The Amy Jenkins story has another strand, or subplot. A couple of years ago, on the back of the This Life hype, she secured a deal to write a script for Elephant Juice, a movie, to be produced by Miramax. On paper, it was another project which had everything going for it. Daniela Nardini, the actress who played Anna in This Life, was to star, and the French beauty Emmanuelle Béart had a leading role. The plot again concerned young professionals, Daphne and Jules, who both become pregnant by Will (Daniel Lapaine), who is also seeing prostitutes. Other characters add their own complications, and it all develops into a This Life-like ménage à six ou sept.

But now the fate of the movie is shrouded in confusion. The division of Miramax that made it was disbanded, and Miramax boss Harvey Weinstein, when he saw it, is reported to have thought it an appalling mess. FilmFour, the other investor in the project, also seems distant from the finished film, and is not distributing it. The release date has been put back repeatedly since last autumn, though it will eventually see the light of day on 22 September. The omens are not good. The Hollywood newspaper Variety described it as: "as phony as a three-dollar bill and about as worthless." One viewer at a test screening last year says the film was: "just appalling. Daniela Nardini was doing Anna mark two, and it wasn't as good. The whole thing fell really flat."

Amy Jenkins is nobody's fool, and it is unlikely that she ever truly believed the hype about herself. And looking back, there were, even in the early stages, indicators that may have made her slightly nervous. After all, she did indeed invent This Life, but the programme only became really successful in its second series, which was written not by Jenkins but by a team of professional script-writers.

So when the giant-sized advances started rolling in, she must surely have had some jitters about her ability to follow through. But she braved it out, with a mass of self-publicity that included newspaper interviews celebrating her beginnings with a stall on the Portobello Road, the silver BMW and the Chelsea house in which she now lives, and the time she spent in therapy. Only occasionally did she appear to have lost her "cool" perspective - though she will perhaps prefer to forget turning up at the launch of HoneyMoon in a wedding dress, or allowing an admiring BBC documentary film crew into her life.

We shouldn't be too hard on Amy Jenkins, nor should we lose too much sleep over her fate.

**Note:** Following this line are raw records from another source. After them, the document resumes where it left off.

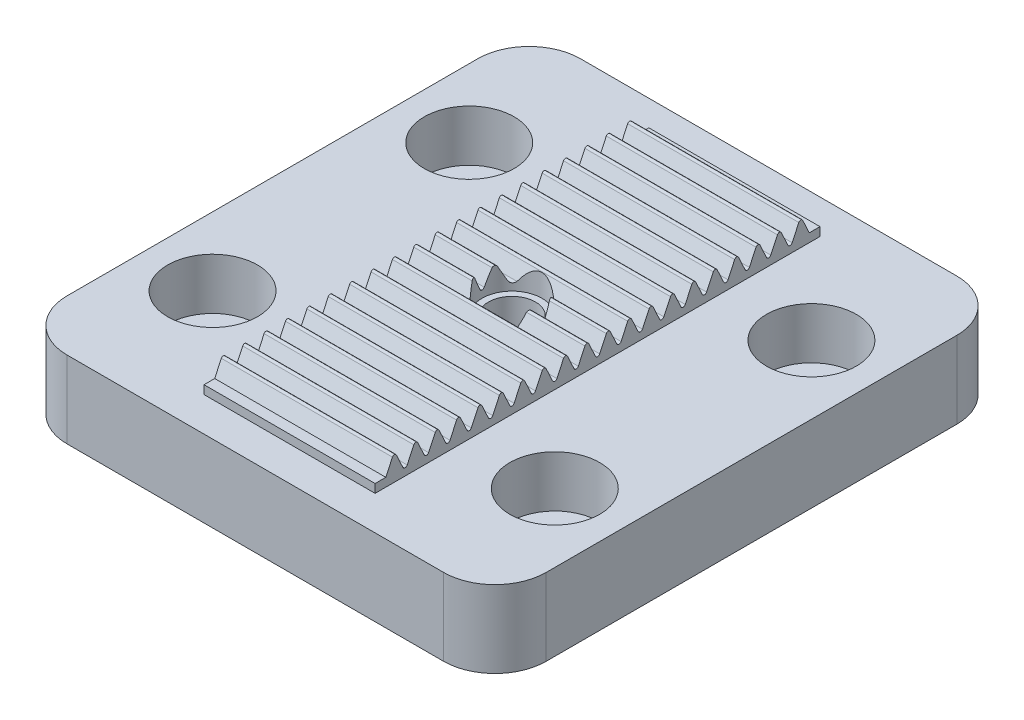
SolidWorks part; units mm, degrees
ref_plane "Front Plane" through (0, 0, 0) normal (0, 0, 1) x (1, 0, 0)
ref_plane "Top Plane" through (0, 0, 0) normal (0, 1, 0) x (1, 0, 0)
ref_plane "Right Plane" through (0, 0, 0) normal (1, 0, 0) x (0, 0, -1)
sketch "Sketch1" plane through (0, 0, 0) normal (0, 1, 0) x (1, 0, 0)
  line L1 (-28, -30) -> (28, -30)
  line L2 (-28, -30) -> (-28, 30)
  line L3 (-28, 30) -> (28, 30)
  line L4 (28, -30) -> (28, 30)
  line L5 (-28, -30) -> (28, 30) construction
  line L6 (-28, 30) -> (28, -30) construction
  line L7 (-20, -15) -> (20, -15) construction
  line L8 (-20, -15) -> (-20, 15) construction
  line L9 (-20, 15) -> (20, 15) construction
  line L10 (20, -15) -> (20, 15) construction
  line L11 (-20, -15) -> (20, 15) construction
  line L12 (-20, 15) -> (20, -15) construction
  circle A0 centre (-20, 15) radius 3.25
  circle A1 centre (-20, -15) radius 3.25
  circle A2 centre (20, -15) radius 3.25
  circle A3 centre (20, 15) radius 3 construction
  circle A4 centre (20, 15) radius 3.25
  point P0 (0, 0)
  point P6 (0, 0)
  point P17 (0, 0)
  point P18 (0, 0)
  dimension "D4" = 6
  dimension "D1" = 60
  dimension "D2" = 56
  dimension "D5" = 40
  dimension "D6" = 30
  dimension "D3" = 0.25
extrude "Boss-Extrude1" add sketch "Sketch1" along normal blind 3
sketch "Sketch2" plane through (0, 3, 0) normal (0, 1, 0) x (1, 0, 0)
  line L4 (28, -30) -> (28, 30)
  line L5 (28, 30) -> (-28, 30)
  line L6 (-28, 30) -> (-28, -30)
  line L7 (-28, -30) -> (28, -30)
  line L8 (28, -30) -> (28, 30)
  line L9 (28, 30) -> (-28, 30)
  line L10 (-28, 30) -> (-28, -30)
  line L11 (-28, -30) -> (28, -30)
  circle A0 centre (-20, 15) radius 5.25
  circle A1 centre (-20, -15) radius 5.25
  circle A2 centre (20, -15) radius 5.25
  circle A3 centre (20, 15) radius 5 construction
  circle A4 centre (20, 15) radius 5.25
  point P14 (0, 0)
  point P16 (18.0466, 14.3998)
  dimension "D3" = 10
  dimension "D2" = 0.25
extrude "Boss-Extrude2" add sketch "Sketch2" along normal blind 6
fillet "Fillet1" radius 6 4 edges at (28, 4.5, -30) (-28, 4.5, -30) (-28, 4.5, 30) (28, 4.5, 30)
sketch "Sketch3" plane through (0, 0, 0) normal (1, 0, 0) x (0, 0, -1)
  line L0 (-26, 9) -> (-26, 10)
  line L1 (-26, 10) -> (-24.75, 10)
  line L3 (24.75, 10) -> (26, 10)
  line L4 (26, 10) -> (26, 9)
  line L5 (26, 9) -> (-26, 9)
  line L6 (-26, 9) -> (-30, 9) construction
  line L7 (26, 9) -> (30, 9) construction
  line L8 (-24.75, 10) -> (-23.9766, 11.6586)
  line L9 (-23.5234, 11.6586) -> (-22.75, 10)
  line L10 (-23.75, 12.1445) -> (-23.75, 10) construction
  line L13 (-24.75, 10) -> (-22.75, 10) construction
  line L14 (-22.75, 10) -> (-22.25, 10) construction
  line L15 (-22.25, 10) -> (-21.4766, 11.6586)
  line L16 (-21.0234, 11.6586) -> (-20.25, 10)
  line L17 (-19.75, 10) -> (-18.9766, 11.6586)
  line L18 (-18.5234, 11.6586) -> (-17.75, 10)
  line L19 (-17.25, 10) -> (-16.4766, 11.6586)
  line L20 (-16.0234, 11.6586) -> (-15.25, 10)
  line L21 (-14.75, 10) -> (-13.9766, 11.6586)
  line L22 (-13.5234, 11.6586) -> (-12.75, 10)
  line L23 (-12.25, 10) -> (-11.4766, 11.6586)
  line L24 (-11.0234, 11.6586) -> (-10.25, 10)
  line L25 (-9.75, 10) -> (-8.9766, 11.6586)
  line L26 (-8.5234, 11.6586) -> (-7.75, 10)
  line L27 (-7.25, 10) -> (-6.4766, 11.6586)
  line L28 (-6.0234, 11.6586) -> (-5.25, 10)
  line L29 (-4.75, 10) -> (-3.9766, 11.6586)
  line L30 (-3.5234, 11.6586) -> (-2.75, 10)
  line L31 (-2.25, 10) -> (-1.4766, 11.6586)
  line L32 (-1.0234, 11.6586) -> (-0.25, 10)
  line L33 (0.25, 10) -> (1.0234, 11.6586)
  line L34 (1.4766, 11.6586) -> (2.25, 10)
  line L35 (2.75, 10) -> (3.5234, 11.6586)
  line L36 (3.9766, 11.6586) -> (4.75, 10)
  line L37 (5.25, 10) -> (6.0234, 11.6586)
  line L38 (6.4766, 11.6586) -> (7.25, 10)
  line L39 (7.75, 10) -> (8.5234, 11.6586)
  line L40 (8.9766, 11.6586) -> (9.75, 10)
  line L41 (10.25, 10) -> (11.0234, 11.6586)
  line L42 (11.4766, 11.6586) -> (12.25, 10)
  line L43 (12.75, 10) -> (13.5234, 11.6586)
  line L44 (13.9766, 11.6586) -> (14.75, 10)
  line L45 (15.25, 10) -> (16.0234, 11.6586)
  line L46 (16.4766, 11.6586) -> (17.25, 10)
  line L47 (17.75, 10) -> (18.5234, 11.6586)
  line L48 (18.9766, 11.6586) -> (19.75, 10)
  line L49 (20.25, 10) -> (21.0234, 11.6586)
  line L50 (21.4766, 11.6586) -> (22.25, 10)
  line L51 (22.75, 10) -> (23.5234, 11.6586)
  line L52 (23.9766, 11.6586) -> (24.75, 10)
  arc A0 (-23.9766, 11.6586) -> (-23.5234, 11.6586) centre (-23.75, 11.553) cw
  arc A1 (-22.75, 10) -> (-22.25, 10) centre (-22.5, 10.1166) ccw
  arc A2 (-21.4766, 11.6586) -> (-21.0234, 11.6586) centre (-21.25, 11.553) cw
  arc A3 (-20.25, 10) -> (-19.75, 10) centre (-20, 10.1166) ccw
  arc A4 (-18.9766, 11.6586) -> (-18.5234, 11.6586) centre (-18.75, 11.553) cw
  arc A5 (-17.75, 10) -> (-17.25, 10) centre (-17.5, 10.1166) ccw
  arc A6 (-16.4766, 11.6586) -> (-16.0234, 11.6586) centre (-16.25, 11.553) cw
  arc A7 (-15.25, 10) -> (-14.75, 10) centre (-15, 10.1166) ccw
  arc A8 (-13.9766, 11.6586) -> (-13.5234, 11.6586) centre (-13.75, 11.553) cw
  arc A9 (-12.75, 10) -> (-12.25, 10) centre (-12.5, 10.1166) ccw
  arc A10 (-11.4766, 11.6586) -> (-11.0234, 11.6586) centre (-11.25, 11.553) cw
  arc A11 (-10.25, 10) -> (-9.75, 10) centre (-10, 10.1166) ccw
  arc A12 (-8.9766, 11.6586) -> (-8.5234, 11.6586) centre (-8.75, 11.553) cw
  arc A13 (-7.75, 10) -> (-7.25, 10) centre (-7.5, 10.1166) ccw
  arc A14 (-6.4766, 11.6586) -> (-6.0234, 11.6586) centre (-6.25, 11.553) cw
  arc A15 (-5.25, 10) -> (-4.75, 10) centre (-5, 10.1166) ccw
  arc A16 (-3.9766, 11.6586) -> (-3.5234, 11.6586) centre (-3.75, 11.553) cw
  arc A17 (-2.75, 10) -> (-2.25, 10) centre (-2.5, 10.1166) ccw
  arc A18 (-1.4766, 11.6586) -> (-1.0234, 11.6586) centre (-1.25, 11.553) cw
  arc A19 (-0.25, 10) -> (0.25, 10) centre (0, 10.1166) ccw
  arc A20 (1.0234, 11.6586) -> (1.4766, 11.6586) centre (1.25, 11.553) cw
  arc A21 (2.25, 10) -> (2.75, 10) centre (2.5, 10.1166) ccw
  arc A22 (3.5234, 11.6586) -> (3.9766, 11.6586) centre (3.75, 11.553) cw
  arc A23 (4.75, 10) -> (5.25, 10) centre (5, 10.1166) ccw
  arc A24 (6.0234, 11.6586) -> (6.4766, 11.6586) centre (6.25, 11.553) cw
  arc A25 (7.25, 10) -> (7.75, 10) centre (7.5, 10.1166) ccw
  arc A26 (8.5234, 11.6586) -> (8.9766, 11.6586) centre (8.75, 11.553) cw
  arc A27 (9.75, 10) -> (10.25, 10) centre (10, 10.1166) ccw
  arc A28 (11.0234, 11.6586) -> (11.4766, 11.6586) centre (11.25, 11.553) cw
  arc A29 (12.25, 10) -> (12.75, 10) centre (12.5, 10.1166) ccw
  arc A30 (13.5234, 11.6586) -> (13.9766, 11.6586) centre (13.75, 11.553) cw
  arc A31 (14.75, 10) -> (15.25, 10) centre (15, 10.1166) ccw
  arc A32 (16.0234, 11.6586) -> (16.4766, 11.6586) centre (16.25, 11.553) cw
  arc A33 (17.25, 10) -> (17.75, 10) centre (17.5, 10.1166) ccw
  arc A34 (18.5234, 11.6586) -> (18.9766, 11.6586) centre (18.75, 11.553) cw
  arc A35 (19.75, 10) -> (20.25, 10) centre (20, 10.1166) ccw
  arc A36 (21.0234, 11.6586) -> (21.4766, 11.6586) centre (21.25, 11.553) cw
  arc A37 (22.25, 10) -> (22.75, 10) centre (22.5, 10.1166) ccw
  arc A38 (23.5234, 11.6586) -> (23.9766, 11.6586) centre (23.75, 11.553) cw
  arc A40 (24.75, 10) -> (25.25, 10) centre (25, 10.1166) ccw [skipped]
  point P15 (-23.75, 10)
  point P18 (-24.633, 8)
  point P20 (24.7824, 8)
  dimension "D4" = 0.25
  dimension "D1" = 4
  dimension "D2" = 50
  dimension "D3" = 2
  dimension "D5" = 1
  dimension "D7" = 0.5
  dimension "D8" = 20
extrude "Boss-Extrude3" add sketch "Sketch3" along normal mid plane 20
sketch "Sketch4" plane through (0, 0, 0) normal (0, 1, 0) x (1, 0, 0)
  line L0 (-28, 30) -> (28, -30) construction
  circle A0 centre (0, 0) radius 2.5 construction
  circle A1 centre (0, 0) radius 2.75
  dimension "D2" = 5
  dimension "D1" = 0.25
extrude "Cut-Extrude2" cut sketch "Sketch4" along normal through all
sketch "Sketch5" plane through (0, 9, 0) normal (0, 1, 0) x (1, 0, 0)
  circle A0 centre (0, 0) radius 3.5
  dimension "D1" = 7
extrude "Cut-Extrude3" cut sketch "Sketch5" along normal through all
sketch "Sketch6" plane through (0, 0, 0) normal (0, -1, 0) x (1, 0, 0)
  line L0 (-20, -15) -> (20, 15) construction
  line L1 (0, 4.6188) -> (-4, 2.3094) construction
  line L2 (-4, 2.3094) -> (-4, -2.3094) construction
  line L3 (-4, -2.3094) -> (0, -4.6188) construction
  line L4 (0, -4.6188) -> (4, -2.3094) construction
  line L5 (4, -2.3094) -> (4, 2.3094) construction
  line L6 (4, 2.3094) -> (0, 4.6188) construction
  line L7 (4.25, -2.4537) -> (4.25, 2.4537)
  line L8 (4.25, 2.4537) -> (0, 4.9075)
  line L9 (0, 4.9075) -> (-4.25, 2.4537)
  line L10 (-4.25, 2.4537) -> (-4.25, -2.4537)
  line L11 (-4.25, -2.4537) -> (0, -4.9075)
  line L12 (0, -4.9075) -> (4.25, -2.4537)
  circle A0 centre (0, 0) radius 4 construction
  point P16 (-0.2558, 4.6125)
  dimension "D1" = 0.25
  dimension "D2" = 8
extrude "Cut-Extrude4" cut sketch "Sketch6" against normal blind 5
equation "\"Tolerance\" = 0.25mm"
equation "\"Pocket_Head_M5\"= 8mm"
equation "\"Pocket_Head_M4\" = 7mm"
equation "\"Pocket_Nut_M4\" = 7mm"
equation "\"Pocket_Nut_M2.5\" = 5mm"
equation "\"Pocket_Nut_M5\"= 8mm"
equation "\"Pocket_Nut_M3\"= 5.5mm"
equation "\"Pocket_Head_M3\"= 5.5mm"
equation "\"Pocket_Head_M2.5\" = 4.7mm"
equation "\"D3@Sketch1\"=\"Tolerance\""
equation "\"D2@Sketch2\"=\"Tolerance\""
equation "\"Pocket_Head_M6\" = 10mm"
equation "\"D3@Sketch2\"=\"Pocket_Head_M6\""
equation "\"D1@Sketch4\"=\"Tolerance\""
equation "\"D1@Sketch6\"=\"Tolerance\""
equation "\"D2@Sketch6\"=\"Pocket_Nut_M5\""

Even some of the literary insiders who are critical of Jenkins's work, also confess to having some sympathy for her. "Hodder didn't give her the [media] training she needed," says Patrick Walsh. "And they could have hired a good novelist to work with her anonymously. That wouldn't have been usual, but when you pay out that sort of money you can make up the rules as you go along." Maybe a million pounds is due compensation for what is turning into a very public humiliation.

In the end, her failure is the failure of an entire industry which thrives on hype, and pays too much, too soon, to too few. And, of course, Ms Jenkins may have the last laugh. When we tried to contact her yesterday, we were told she was "in LA". The next million-dollar Amy Jenkins project can only be a deal away.